📅 T-Th 3:05 – 4:20 PM
👨🏫 Instructor: Joaquin Carbonara, PhD
🏢 Office: SAMC 379
⏰ Office Hours: By appointment
This course explores foundational mathematical and data science thinking, focusing on analytical reasoning, problem solving, and data-centric applications. Students will participate in weekly quizzes, assignments, a midterm project, presentations, and a final project. The main programming language used is python.
📘 How to Think Like a Data Scientist (HTTLADS) — free online
Access instructions will be provided in class and linked on the course LMS.
Students will:
| Assessment Component | Percentage |
|---|---|
| Weekly Quizzes | 20% |
| Assignments | 20% |
| Midterm Project | 20% |
| Presentations | 20% |
| Final Project | 20% |
⚠️ Important: Attendance is required to take quizzes and complete presentations.
We will cover approximately one module a week.
| Module | Topics / Readings | Activities |
|---|---|---|
| 1 | Chapter 4: Python & Jupyter Notebooks – Intro & Python Review (variables, data types, control flow, functions) |
Intro workshop, Python syntax exercises |
| 2 | Chapter 4: Python & Jupyter Notebooks – Jupyter, Colab, Markdown | Lab: Set up Jupyter/Colab + Markdown cells |
| 3 | Chapter 5: Learning Pandas with Movie Data – Intro to pandas & DataFrames | Lab: Load/inspect DataFrames |
| 4 | Chapter 5: Pandas – Filtering, indexing, multiple DataFrames | Assignment: Manipulating pandas DataFrames |
| 5 | Chapter 6: Exploratory Data Analysis (EDA) – Visualizations & summarizing data | Quiz + EDA lab (histograms, scatter plots) |
| 6 | Chapter 6 Continued: EDA case studies & deeper visualization | Midterm project preparation |
| 7 | Chapter 7: Ethical & Legal Considerations in Data Use | Discussion: Ethics case studies + short reflection |
| 8 | Chapter 8: Textual Analysis – Text mining & tidying data | Lab: Text tokenization and word frequency |
| 9 | Chapter 8 Continued: Textual Analysis practice & investigation questions | Quiz + small text analysis project |
| 10 | Chapter 9: Predictive Analytics – Intro & Bike Rental prediction | Intro to predictive modeling; SQL overview (if applicable) |
| 11 | Chapter 9 Continued: Bike data exploration & intro to SQL/querying | Lab: Build and evaluate simple predictive model |
| 12 | Chapter 9 / 10 Wrap-up: Advanced predictive topics + project check-ins | Final project presentations & review |
Regular attendance is required. You must be present to take quizzes and participate in presentations.

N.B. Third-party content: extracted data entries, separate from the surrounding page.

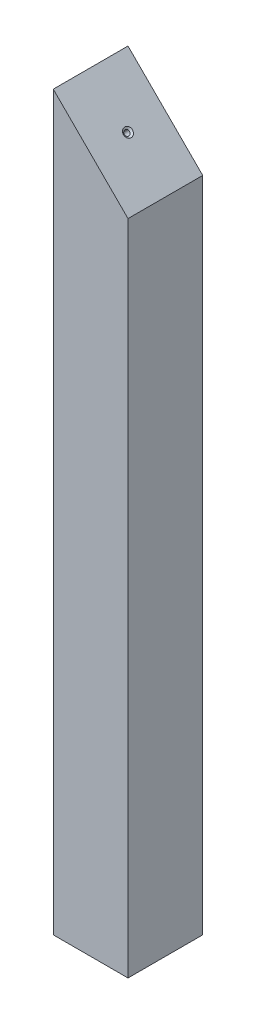
from build123d import *

# Parameters (mm, degrees)
SKETCH1_W                                         = 25.4
SKETCH1_H                                         = 25.4
BOSS_EXTRUDE1_DEPTH                               = 124.485
F_0_80_TAPPED_HOLE1_D                             = 1.19126
F_0_80_TAPPED_HOLE1_DEPTH                         = 20
F_0_80_TAPPED_HOLE1_CSINK_D                       = 3.0226
F_0_80_TAPPED_HOLE1_CSINK_ANGLE                   = 100
F_0_80_TAPPED_HOLE1_TIP                           = 0.357890611
CUT_EXTRUDE1_DEPTH                                = 13.7
CUT_EXTRUDE1_DEPTH_BACK                           = 13.7
CSK_FOR_0_FLAT_HEAD_MACHINE_SCREW_100_D           = 1.778
CSK_FOR_0_FLAT_HEAD_MACHINE_SCREW_100_DEPTH       = 10
CSK_FOR_0_FLAT_HEAD_MACHINE_SCREW_100_CSINK_D     = 3.0226
CSK_FOR_0_FLAT_HEAD_MACHINE_SCREW_100_CSINK_ANGLE = 100
CSK_FOR_0_FLAT_HEAD_MACHINE_SCREW_100_TIP         = 0.53416509


with BuildPart() as part:
    # Sketch1 → Boss-Extrude1 (new body, symmetric)
    with BuildSketch(Plane(origin=(0, 0, 0), x_dir=(1, 0, 0), z_dir=(0, 1, 0))):
        Rectangle(SKETCH1_W, SKETCH1_H)
    extrude(amount=BOSS_EXTRUDE1_DEPTH, both=True)

    # #0-80 Tapped Hole1
    with Locations(Plane(origin=(0, -124.485, 0), x_dir=(-1, 0, 0), z_dir=(0, -1, 0))):
        with Locations((0, 0)):
            CounterSinkHole(F_0_80_TAPPED_HOLE1_D / 2, F_0_80_TAPPED_HOLE1_CSINK_D / 2, depth=F_0_80_TAPPED_HOLE1_DEPTH, counter_sink_angle=F_0_80_TAPPED_HOLE1_CSINK_ANGLE)
            with Locations((0, 0, -(F_0_80_TAPPED_HOLE1_DEPTH + F_0_80_TAPPED_HOLE1_TIP / 2))):  # 118° drill point
                Cone(0, F_0_80_TAPPED_HOLE1_D / 2, F_0_80_TAPPED_HOLE1_TIP, mode=Mode.SUBTRACT)

    # Sketch4 → Cut-Extrude1 (cut, two sides)
    with BuildSketch(Plane.XY) as cut_extrude1_sk:
        Polygon((12.7, 124.485), (-12.7, 124.485), (12.7, 99.085), align=None)
    extrude(amount=CUT_EXTRUDE1_DEPTH, mode=Mode.SUBTRACT)
    extrude(cut_extrude1_sk.sketch, amount=-CUT_EXTRUDE1_DEPTH_BACK, mode=Mode.SUBTRACT)

    # CSK for #0 Flat Head Machine Screw (100)1
    with Locations(Plane(origin=(55.8925, 55.8925, 0), x_dir=(0.707106781, -0.707106781, 0), z_dir=(0.707106781, 0.707106781, 0))):
        with Locations((-79.043931535, 0)):
            CounterSinkHole(CSK_FOR_0_FLAT_HEAD_MACHINE_SCREW_100_D / 2, CSK_FOR_0_FLAT_HEAD_MACHINE_SCREW_100_CSINK_D / 2, depth=CSK_FOR_0_FLAT_HEAD_MACHINE_SCREW_100_DEPTH, counter_sink_angle=CSK_FOR_0_FLAT_HEAD_MACHINE_SCREW_100_CSINK_ANGLE)
            with Locations((0, 0, -(CSK_FOR_0_FLAT_HEAD_MACHINE_SCREW_100_DEPTH + CSK_FOR_0_FLAT_HEAD_MACHINE_SCREW_100_TIP / 2))):  # 118° drill point
                Cone(0, CSK_FOR_0_FLAT_HEAD_MACHINE_SCREW_100_D / 2, CSK_FOR_0_FLAT_HEAD_MACHINE_SCREW_100_TIP, mode=Mode.SUBTRACT)


solid = part.part

All students are expected to demonstrate honesty and integrity in completing course requirements and following university academic regulations. Acts of plagiarism, cheating, academic misconduct, or misrepresentation of work are inconsistent with the aims and goals of Buffalo State University and may result in disciplinary action.
Students should also consult resources on plagiarism avoidance, critical citation practices, and academic integrity posted by the university.
Students who need accommodations to complete course requirements due to a disability are invited to make their needs known to Student Accessibility Services (SAS) and to provide appropriate documentation.
Tutoring and academic support services (writing, math, study skills) are available through the Academic Center for Excellence.
Disruptive classroom behavior (cell phones, talking, noise, etc.) will not be tolerated. Instructors may take appropriate action, including removal from class, consistent with university policy.
Success in this course depends on consistent engagement — attending class sessions, keeping up with readings, participating in discussions, and careful preparation for presentations and projects. I'm looking forward to exploring data science thinking with you!